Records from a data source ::
- - - - - - -

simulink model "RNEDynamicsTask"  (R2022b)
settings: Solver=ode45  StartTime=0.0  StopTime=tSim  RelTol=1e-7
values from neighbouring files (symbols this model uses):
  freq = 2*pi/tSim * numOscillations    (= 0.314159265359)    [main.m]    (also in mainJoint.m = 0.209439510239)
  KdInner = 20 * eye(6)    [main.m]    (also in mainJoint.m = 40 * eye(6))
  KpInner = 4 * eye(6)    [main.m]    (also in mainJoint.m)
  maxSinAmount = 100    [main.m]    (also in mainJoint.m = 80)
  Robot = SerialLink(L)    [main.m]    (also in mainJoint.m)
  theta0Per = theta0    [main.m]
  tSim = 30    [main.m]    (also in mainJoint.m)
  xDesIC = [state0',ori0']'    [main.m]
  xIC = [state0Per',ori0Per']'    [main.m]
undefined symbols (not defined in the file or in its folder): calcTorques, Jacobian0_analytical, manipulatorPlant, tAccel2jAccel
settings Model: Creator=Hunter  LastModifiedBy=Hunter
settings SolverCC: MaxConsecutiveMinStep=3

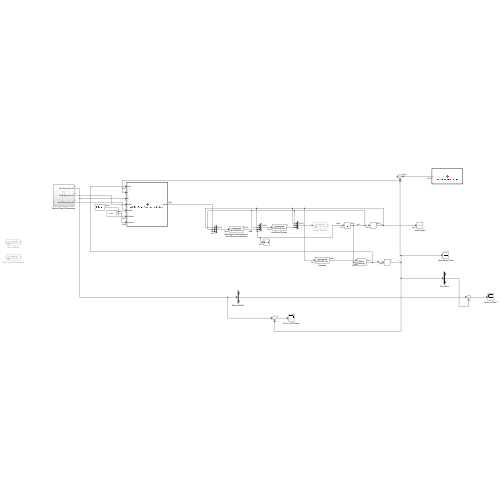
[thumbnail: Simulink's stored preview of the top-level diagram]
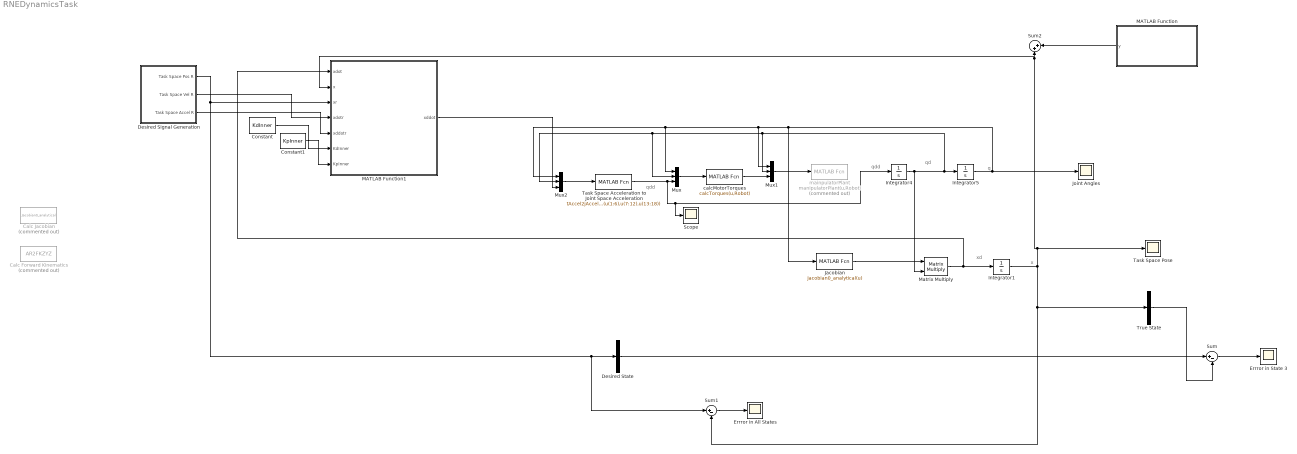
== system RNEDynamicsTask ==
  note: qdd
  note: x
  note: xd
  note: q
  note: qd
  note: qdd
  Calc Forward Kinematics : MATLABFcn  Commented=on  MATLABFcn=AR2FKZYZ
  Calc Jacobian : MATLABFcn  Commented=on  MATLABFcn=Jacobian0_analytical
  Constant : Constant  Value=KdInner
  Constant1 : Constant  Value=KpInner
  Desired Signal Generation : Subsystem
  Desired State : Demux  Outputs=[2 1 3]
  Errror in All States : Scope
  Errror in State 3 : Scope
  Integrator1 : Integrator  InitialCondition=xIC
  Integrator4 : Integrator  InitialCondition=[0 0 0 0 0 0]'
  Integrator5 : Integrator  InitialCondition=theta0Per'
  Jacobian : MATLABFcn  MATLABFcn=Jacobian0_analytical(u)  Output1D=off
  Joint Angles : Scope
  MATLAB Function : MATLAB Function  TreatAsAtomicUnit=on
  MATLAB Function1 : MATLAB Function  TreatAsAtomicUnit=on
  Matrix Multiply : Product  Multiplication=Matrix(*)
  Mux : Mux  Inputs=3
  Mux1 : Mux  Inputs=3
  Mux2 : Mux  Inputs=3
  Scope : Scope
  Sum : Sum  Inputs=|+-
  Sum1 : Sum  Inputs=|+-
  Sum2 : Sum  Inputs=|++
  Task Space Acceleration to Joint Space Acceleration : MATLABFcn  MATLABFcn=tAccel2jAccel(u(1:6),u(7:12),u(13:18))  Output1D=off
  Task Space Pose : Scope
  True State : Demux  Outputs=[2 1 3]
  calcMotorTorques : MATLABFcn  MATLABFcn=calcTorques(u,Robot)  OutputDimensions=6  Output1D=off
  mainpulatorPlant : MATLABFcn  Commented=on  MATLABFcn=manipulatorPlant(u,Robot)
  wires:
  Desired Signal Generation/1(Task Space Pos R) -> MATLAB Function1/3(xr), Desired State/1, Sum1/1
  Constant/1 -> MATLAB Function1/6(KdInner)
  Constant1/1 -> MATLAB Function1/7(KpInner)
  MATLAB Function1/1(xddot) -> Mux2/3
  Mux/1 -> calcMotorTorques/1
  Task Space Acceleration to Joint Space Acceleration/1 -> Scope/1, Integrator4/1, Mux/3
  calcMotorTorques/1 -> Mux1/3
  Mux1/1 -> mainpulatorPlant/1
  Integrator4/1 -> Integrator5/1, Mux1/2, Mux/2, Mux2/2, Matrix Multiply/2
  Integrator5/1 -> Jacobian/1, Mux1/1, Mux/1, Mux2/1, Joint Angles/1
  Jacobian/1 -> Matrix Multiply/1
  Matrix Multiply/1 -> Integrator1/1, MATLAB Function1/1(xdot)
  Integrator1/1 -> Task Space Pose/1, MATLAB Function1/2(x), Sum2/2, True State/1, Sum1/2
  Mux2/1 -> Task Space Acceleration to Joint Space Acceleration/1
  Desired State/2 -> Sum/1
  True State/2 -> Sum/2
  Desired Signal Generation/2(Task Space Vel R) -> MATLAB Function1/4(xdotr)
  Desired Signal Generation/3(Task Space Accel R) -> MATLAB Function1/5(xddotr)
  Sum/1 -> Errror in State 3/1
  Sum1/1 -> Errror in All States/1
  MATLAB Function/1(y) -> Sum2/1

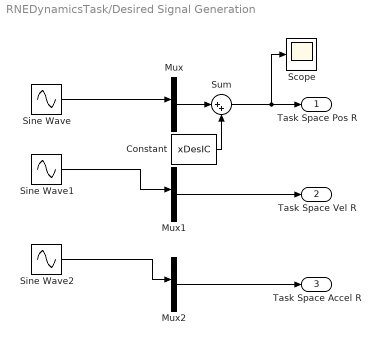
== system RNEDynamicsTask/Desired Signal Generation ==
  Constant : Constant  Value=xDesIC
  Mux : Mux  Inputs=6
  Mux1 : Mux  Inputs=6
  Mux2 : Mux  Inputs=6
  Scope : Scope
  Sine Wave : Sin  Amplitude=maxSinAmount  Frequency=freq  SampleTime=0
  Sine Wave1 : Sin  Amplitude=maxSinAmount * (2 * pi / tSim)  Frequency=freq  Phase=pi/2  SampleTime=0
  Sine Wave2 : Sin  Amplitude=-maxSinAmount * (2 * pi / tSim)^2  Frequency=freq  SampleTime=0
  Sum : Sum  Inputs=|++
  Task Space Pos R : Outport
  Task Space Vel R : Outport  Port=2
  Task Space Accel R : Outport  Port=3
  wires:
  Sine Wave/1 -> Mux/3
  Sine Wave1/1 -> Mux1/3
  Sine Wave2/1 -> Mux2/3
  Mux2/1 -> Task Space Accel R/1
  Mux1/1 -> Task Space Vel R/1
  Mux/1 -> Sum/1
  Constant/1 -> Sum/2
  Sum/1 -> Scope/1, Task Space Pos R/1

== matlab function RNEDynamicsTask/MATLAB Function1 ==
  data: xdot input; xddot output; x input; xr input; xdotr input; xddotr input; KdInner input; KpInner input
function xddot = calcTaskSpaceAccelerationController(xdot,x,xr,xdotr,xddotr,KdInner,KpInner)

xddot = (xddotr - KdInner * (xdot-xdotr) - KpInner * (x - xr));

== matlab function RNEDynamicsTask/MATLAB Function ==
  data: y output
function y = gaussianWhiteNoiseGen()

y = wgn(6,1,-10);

- - - - - - -

Go through the entries above and copy each line holding the string "Desired".

Result for this exercise ::
  Desired Signal Generation : Subsystem
  Desired State : Demux  Outputs=[2 1 3]
  Desired Signal Generation/1(Task Space Pos R) -> MATLAB Function1/3(xr), Desired State/1, Sum1/1
  Desired State/2 -> Sum/1
  Desired Signal Generation/2(Task Space Vel R) -> MATLAB Function1/4(xdotr)
  Desired Signal Generation/3(Task Space Accel R) -> MATLAB Function1/5(xddotr)
== system RNEDynamicsTask/Desired Signal Generation ==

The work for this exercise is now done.